Got 5 of these little buggers and they are cute :3. They are escape artists, and I even created a wall to separate them in my 20 gallon long tank. Some how a few always manage to get on the other side, so I gave up and opened up a pathway. They grow up to be an 1", and have been told females tend to fight a lot mainly during molting. And lots of hidey holes is needed, bought terra cotta pots and PVC piping.

I saw one about 3/4" size hanging from a water lettuce floater. The 1" who looks to be the biggest and hoping female really is substrate bound and doesn't like climbing high plants.

Inhabitants with Thai MicroCrabs, CRS, RCS,CPD's, and a clown killie.

Best picture out of 20 lol, and of the same crawfish. Only one I saw out and about, than the other 4.


----------



## Knotty Bitz (Mar 11, 2009)

Do they fight at all with crs?


----------



## DarrylR (Dec 5, 2007)

The 1" long CPO roams the tank and all the shrimp jump away.

Seems only the CPO's fight with each other, they are pretty hilarious. You will see one CPO tailing another CPO, than all of a sudden the big 1" CPO comes out of the java moss ball and runs after the other 2 and than they run away. 

The smaller CPO's whenever they run into a shrimp, either one jumps out of the way, sometimes both at the same time. 

Forgot to add Thai Microcrabs, the CPO will walk on top of the crabs and neither one cares.


----------



## Knotty Bitz (Mar 11, 2009)

Haha sounds like a fun tank to watch, you have some cool species in that tank.

Do your microcrabs breed?


----------



## DarrylR (Dec 5, 2007)

Knotty Bitz said:


> Haha sounds like a fun tank to watch, you have some cool species in that tank.
> 
> Do your microcrabs breed?


Making a thread as I type this post, found eggs today !


----------



## Knotty Bitz (Mar 11, 2009)

Nice, Ive got 1st dibs on eggs if you decide to sell them. lol


----------



## DarrylR (Dec 5, 2007)

Saw my CPO's breed today! Pity my first shot didn't have macro turned on .


----------



## DarrylR (Dec 5, 2007)

The pictures above, I believe is of the SECOND female and the first one was dead somewhere until the male brought the body to the front of the tank.

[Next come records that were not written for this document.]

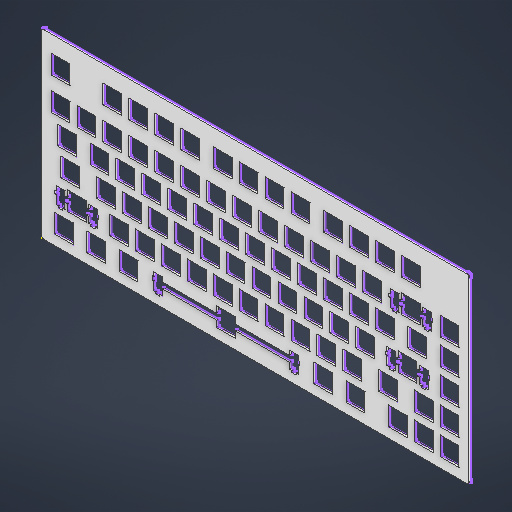
# Autodesk Inventor part: Keyboard_Plate
Saved by Autodesk Inventor 2026.1 (Build 301233000, 233)
## iProperties
Created: 2025-11-09
Part Number: Keyboard_Plate
Material: Generic
Document SubType Name: Modeling
Designer: avani
Density: 1 g/cm^3
Appearance: Default
Autodesk Inventor part; units mm, degrees
ref_plane "YZ Plane" through (0, 0, 0) normal (1, 0, 0) x (0, 1, 0)
ref_plane "XZ Plane" through (0, 0, 0) normal (0, 1, 0) x (-1, 0, 0)
ref_plane "XY Plane" through (0, 0, 0) normal (0, 0, 1) x (1, 0, 0)
sketch "Sketch1" plane through (0, 0, 0) normal (0, 0, 1) x (1, 0, 0)
  point P0 (0, 0)
sketch3d "3D 0"
sketch "Sketch2" plane through (0, 0, 0) normal (0, 0, 1) x (1, 0, 0)
  line L0 (2.096, 0.2549) -> (1.9389, 0.2604) projected
  line L1 (1.9389, 0.2604) -> (1.7818, 0.2797) projected
  line L2 (1.7818, 0.2797) -> (1.6288, 0.3087) projected
  line L3 (0.9192, 0.6367) -> (0.7965, 0.7331) projected
  line L4 (1.0501, 0.5498) -> (0.9192, 0.6367) projected
  line L5 (1.1879, 0.4727) -> (1.0501, 0.5498) projected
  line L6 (1.3298, 0.4065) -> (1.1879, 0.4727) projected
  line L7 (1.4759, 0.3528) -> (1.3298, 0.4065) projected
  line L8 (1.6288, 0.3087) -> (1.4759, 0.3528) projected
  line L9 (0.6808, 0.8406) -> (0.5746, 0.955) projected
  line L10 (0.5746, 0.955) -> (0.4768, 1.0776) projected
  line L11 (0.4768, 1.0776) -> (0.39, 1.2099) projected
  line L12 (0.39, 1.2099) -> (0.3128, 1.3463) projected
  line L13 (0.3128, 1.3463) -> (0.248, 1.4897) projected
  line L14 (0.7965, 0.7331) -> (0.6808, 0.8406) projected
  line L15 (0.248, 1.4897) -> (0.1929, 1.6357) projected
  line L16 (0.1929, 1.6357) -> (0.1502, 1.7873) projected
  line L17 (0.1502, 1.7873) -> (0.1199, 1.9417) projected
  line L18 (0.102, 2.0974) -> (0.0951, 2.2545) projected
  line L19 (0.1199, 1.9417) -> (0.102, 2.0974) projected
  line L20 (0.0951, 2.2545) -> (0.0951, 131.607) projected
  line L21 (0.0951, 131.607) -> (0.102, 131.764) projected
  line L22 (0.102, 131.764) -> (0.1199, 131.921) projected
  line L23 (0.5746, 132.906) -> (0.6808, 133.022) projected
  line L24 (0.6808, 133.022) -> (0.7965, 133.128) projected
  line L25 (0.7965, 133.128) -> (0.9192, 133.226) projected
  line L26 (0.9192, 133.226) -> (1.0501, 133.313) projected
  line L27 (1.0501, 133.313) -> (1.1879, 133.39) projected
  line L28 (1.1879, 133.39) -> (1.3298, 133.455) projected
  line L29 (0.1199, 131.921) -> (0.1502, 132.074) projected
  line L30 (0.1502, 132.074) -> (0.1929, 132.227) projected
  line L31 (0.1929, 132.227) -> (0.248, 132.373) projected
  line L32 (0.3128, 132.515) -> (0.39, 132.653) projected
  line L33 (0.39, 132.653) -> (0.4768, 132.784) projected
  line L34 (0.4768, 132.784) -> (0.5746, 132.906) projected
  line L35 (0.248, 132.373) -> (0.3128, 132.515) projected
  line L36 (1.3298, 133.455) -> (1.4759, 133.51) projected
  line L37 (1.4759, 133.51) -> (1.6288, 133.552) projected
  line L38 (1.6288, 133.552) -> (1.7818, 133.583) projected
  line L39 (1.7818, 133.583) -> (1.9389, 133.601) projected
  line L40 (1.9389, 133.601) -> (2.096, 133.608) projected
  line L41 (261.727, 40.4206) -> (261.727, 26.6209) projected
  line L42 (247.927, 26.6209) -> (247.927, 40.4206) projected
  line L43 (247.927, 40.4206) -> (261.727, 40.4206) projected
  line L44 (253.938, 45.8996) -> (255.662, 45.8996) projected
  line L45 (255.662, 45.8996) -> (255.662, 44.7008) projected
  line L46 (258.764, 44.7008) -> (258.764, 45.8996) projected
  line L47 (253.112, 52.1698) -> (253.938, 52.1698) projected
  line L48 (253.938, 52.1698) -> (253.938, 45.8996) projected
  line L49 (255.662, 44.7008) -> (258.764, 44.7008) projected
  line L50 (262.213, 59.4706) -> (262.213, 54.7702) projected
  line L51 (262.213, 54.7702) -> (260.488, 54.7702) projected
  line L52 (253.938, 54.7702) -> (253.112, 54.7702) projected
  line L53 (253.112, 54.7702) -> (253.112, 52.1698) projected
  line L54 (260.488, 54.7702) -> (260.488, 58.0002) projected
  line L55 (260.488, 58.0002) -> (253.938, 58.0002) projected
  line L56 (253.938, 58.0002) -> (253.938, 54.7702) projected
  line L57 (245.546, 78.5206) -> (259.345, 78.5206) projected
  line L58 (259.345, 78.5206) -> (259.345, 64.721) projected
  line L59 (259.345, 64.721) -> (245.546, 64.721) projected
  line L60 (245.546, 64.721) -> (245.546, 78.5206) projected
  line L61 (256.321, 90.2698) -> (256.321, 83.9996) projected
  line L62 (256.321, 83.9996) -> (258.046, 83.9996) projected
  line L63 (258.046, 83.9996) -> (258.046, 82.8008) projected
  line L64 (261.145, 83.9996) -> (262.871, 83.9996) projected
  line L65 (258.046, 82.8008) -> (261.145, 82.8008) projected
  line L66 (261.145, 82.8008) -> (261.145, 83.9996) projected
  line L67 (264.596, 107.582) -> (264.596, 121.382) projected
  line L68 (259.345, 121.382) -> (259.345, 107.582) projected
  line L69 (259.345, 107.582) -> (245.546, 107.582) projected
  line L70 (245.546, 107.582) -> (245.546, 121.382) projected
  line L71 (245.546, 121.382) -> (259.345, 121.382) projected
  line L72 (264.596, 92.8702) -> (262.871, 92.8702) projected
  line L73 (262.871, 92.8702) -> (262.871, 96.1002) projected
  line L74 (262.871, 96.1002) -> (256.321, 96.1002) projected
  line L75 (255.495, 90.2698) -> (256.321, 90.2698) projected
  line L76 (255.495, 92.8702) -> (255.495, 90.2698) projected
  line L77 (256.321, 92.8702) -> (255.495, 92.8702) projected
  line L78 (256.321, 96.1002) -> (256.321, 92.8702) projected
  line L79 (264.596, 97.5706) -> (264.596, 92.8702) projected
  line L80 (280.121, 92.8702) -> (278.395, 92.8702) projected
  line L81 (278.395, 92.8702) -> (278.395, 97.5706) projected
  line L82 (278.395, 97.5706) -> (264.596, 97.5706) projected
  line L83 (278.395, 107.582) -> (264.596, 107.582) projected
  line L84 (278.395, 121.382) -> (278.395, 107.582) projected
  line L85 (264.596, 121.382) -> (278.395, 121.382) projected
  line L86 (280.121, 96.1002) -> (280.121, 92.8702) projected
  line L87 (255.071, 21.3706) -> (268.87, 21.3706) projected
  line L88 (268.87, 21.3706) -> (268.87, 7.5709) projected
  line L89 (268.87, 7.5709) -> (255.071, 7.5709) projected
  line L90 (261.727, 26.6209) -> (247.927, 26.6209) projected
  line L91 (255.071, 7.5709) -> (255.071, 21.3706) projected
  line L92 (260.488, 45.8996) -> (260.488, 50.37) projected
  line L93 (258.764, 45.8996) -> (260.488, 45.8996) projected
  line L94 (262.213, 50.37) -> (262.213, 45.671) projected
  line L95 (260.488, 50.37) -> (262.213, 50.37) projected
  line L96 (262.213, 45.671) -> (276.014, 45.671) projected
  line L97 (283.158, 64.721) -> (269.357, 64.721) projected
  line L98 (276.014, 59.4706) -> (262.213, 59.4706) projected
  line L99 (283.158, 78.5206) -> (283.158, 64.721) projected
  line L100 (269.357, 64.721) -> (269.357, 78.5206) projected
  line L101 (269.357, 78.5206) -> (283.158, 78.5206) projected
  line L102 (264.596, 83.771) -> (278.395, 83.771) projected
  line L103 (278.395, 83.771) -> (278.395, 88.47) projected
  line L104 (262.871, 88.47) -> (264.596, 88.47) projected
  line L105 (262.871, 83.9996) -> (262.871, 88.47) projected
  line L106 (264.596, 88.47) -> (264.596, 83.771) projected
  line L107 (279.463, 44.7008) -> (282.564, 44.7008) projected
  line L108 (284.288, 45.8996) -> (284.288, 52.1698) projected
  line L109 (284.288, 52.1698) -> (285.113, 52.1698) projected
  line L110 (285.113, 52.1698) -> (285.113, 54.7702) projected
  line L111 (285.113, 54.7702) -> (284.288, 54.7702) projected
  line L112 (282.564, 45.8996) -> (284.288, 45.8996) projected
  line L113 (282.564, 44.7008) -> (282.564, 45.8996) projected
  line L114 (284.945, 82.8008) -> (284.945, 83.9996) projected
  line L115 (284.945, 83.9996) -> (286.67, 83.9996) projected
  line L116 (281.846, 83.9996) -> (281.846, 82.8008) projected
  line L117 (286.67, 83.9996) -> (286.67, 90.2698) projected
  line L118 (280.121, 83.9996) -> (281.846, 83.9996) projected
  line L119 (280.121, 88.47) -> (280.121, 83.9996) projected
  line L120 (278.395, 88.47) -> (280.121, 88.47) projected
  line L121 (281.846, 82.8008) -> (284.945, 82.8008) projected
  line L122 (286.67, 90.2698) -> (287.496, 90.2698) projected
  line L123 (287.496, 90.2698) -> (287.496, 92.8702) projected
  line L124 (287.496, 92.8702) -> (286.67, 92.8702) projected
  line L125 (286.67, 92.8702) -> (286.67, 96.1002) projected
  line L126 (286.67, 96.1002) -> (280.121, 96.1002) projected
  line L127 (274.121, 40.4206) -> (287.92, 40.4206) projected
  line L128 (287.92, 40.4206) -> (287.92, 26.6209) projected
  line L129 (287.92, 26.6209) -> (274.121, 26.6209) projected
  line L130 (274.121, 26.6209) -> (274.121, 40.4206) projected
  line L131 (277.738, 45.8996) -> (279.463, 45.8996) projected
  line L132 (277.738, 50.37) -> (277.738, 45.8996) projected
  line L133 (276.014, 45.671) -> (276.014, 50.37) projected
  line L134 (276.014, 50.37) -> (277.738, 50.37) projected
  line L135 (279.463, 45.8996) -> (279.463, 44.7008) projected
  line L136 (293.171, 97.5706) -> (306.97, 97.5706) projected
  line L137 (293.171, 83.771) -> (293.171, 97.5706) projected
  line L138 (306.97, 97.5706) -> (306.97, 83.771) projected
  line L139 (306.97, 83.771) -> (293.171, 83.771) projected
  line L140 (293.171, 59.4706) -> (306.97, 59.4706) projected
  line L141 (306.97, 59.4706) -> (306.97, 45.671) projected
  line L142 (306.97, 45.671) -> (293.171, 45.671) projected
  line L143 (293.171, 45.671) -> (293.171, 59.4706) projected
  line L144 (293.171, 78.5206) -> (306.97, 78.5206) projected
  line L145 (293.171, 64.721) -> (293.171, 78.5206) projected
  line L146 (306.97, 78.5206) -> (306.97, 64.721) projected
  line L147 (306.97, 64.721) -> (293.171, 64.721) projected
  line L148 (274.121, 21.3706) -> (287.92, 21.3706) projected
  line L149 (306.97, 21.3706) -> (306.97, 7.5709) projected
  line L150 (306.97, 7.5709) -> (293.171, 7.5709) projected
  line L151 (293.171, 7.5709) -> (293.171, 21.3706) projected
  line L152 (287.92, 21.3706) -> (287.92, 7.5709) projected
  line L153 (287.92, 7.5709) -> (274.121, 7.5709) projected
  line L154 (274.121, 7.5709) -> (274.121, 21.3706) projected
  line L155 (293.171, 21.3706) -> (306.97, 21.3706) projected
  line L156 (306.97, 26.6209) -> (293.171, 26.6209) projected
  line L157 (293.171, 26.6209) -> (293.171, 40.4206) projected
  line L158 (306.97, 40.4206) -> (306.97, 26.6209) projected
  line L159 (293.171, 40.4206) -> (306.97, 40.4206) projected
  line L160 (312.452, 133.601) -> (312.608, 133.583) projected
  line L161 (312.297, 133.608) -> (312.452, 133.601) projected
  line L162 (312.608, 133.583) -> (312.762, 133.552) projected
  line L163 (312.762, 133.552) -> (312.914, 133.51) projected
  line L164 (312.914, 133.51) -> (313.061, 133.455) projected
  line L165 (313.203, 133.39) -> (313.341, 133.313) projected
  line L166 (313.341, 133.313) -> (313.472, 133.226) projected
  line L167 (313.472, 133.226) -> (313.595, 133.128) projected
  line L168 (313.595, 133.128) -> (313.71, 133.022) projected
  line L169 (226.496, 107.582) -> (226.496, 121.382) projected
  line L170 (240.295, 107.582) -> (226.496, 107.582) projected
  line L171 (221.245, 121.382) -> (221.245, 107.582) projected
  line L172 (221.245, 107.582) -> (207.446, 107.582) projected
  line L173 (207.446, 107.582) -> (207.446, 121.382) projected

Sadly I found one female dead. The male was breeding with the female and I noticed he was getting rough and was flipping her around everywhere. I separated the male from the female and she was not moving, and was a pale whitish color, her tail was also coiled into her body. I picked her up and she was lifeless, and was still coiled. I left her on top of a java moss ball, and came back to the tank 5 minutes later to find the male again breeding with the dead carcass.

I have now removed the dead female. And unsure if I am happy or sad to see the male has found another female to breed with. They were both in the position and the female fought him off and swam away.

My thoughts why this female was weak, because last night I found huge CPO molt, and maybe this was the deads females molt and was super weak and was still recuperating. This female was a monster more than an inch, and now lying dead in a mcdonalds ketchup to go container :/.

I snapped a ton of pictures thinking they were breeding, but I don't think I wanna post a male CPO sexxing a dead female -___-.

HOPEFULLY, the second female and the other 3 CPO in the tank, one actually lives to get berried and hatch their crawbabies.

5 CPO:
1 female (dead)
1 female
1 male
1 xx (unsure)
1 xx (unsure)


----------



## Nymsley (Mar 24, 2009)

Despite what planetinverts or whichever site propagated this, the name should be _Cambarellus patzcuarensis *var.* orange_.

Think about it for a while. sp stands for "species" which is already named as _patzcuarensis_. The "var. orange" tells us that this is an orange variation of that species.

Sorry that your female died and good luck with the new pairing.


----------



## Knotty Bitz (Mar 11, 2009)

I'm sorry, the molting would explain it. I am glad that humans do not molt. haha


----------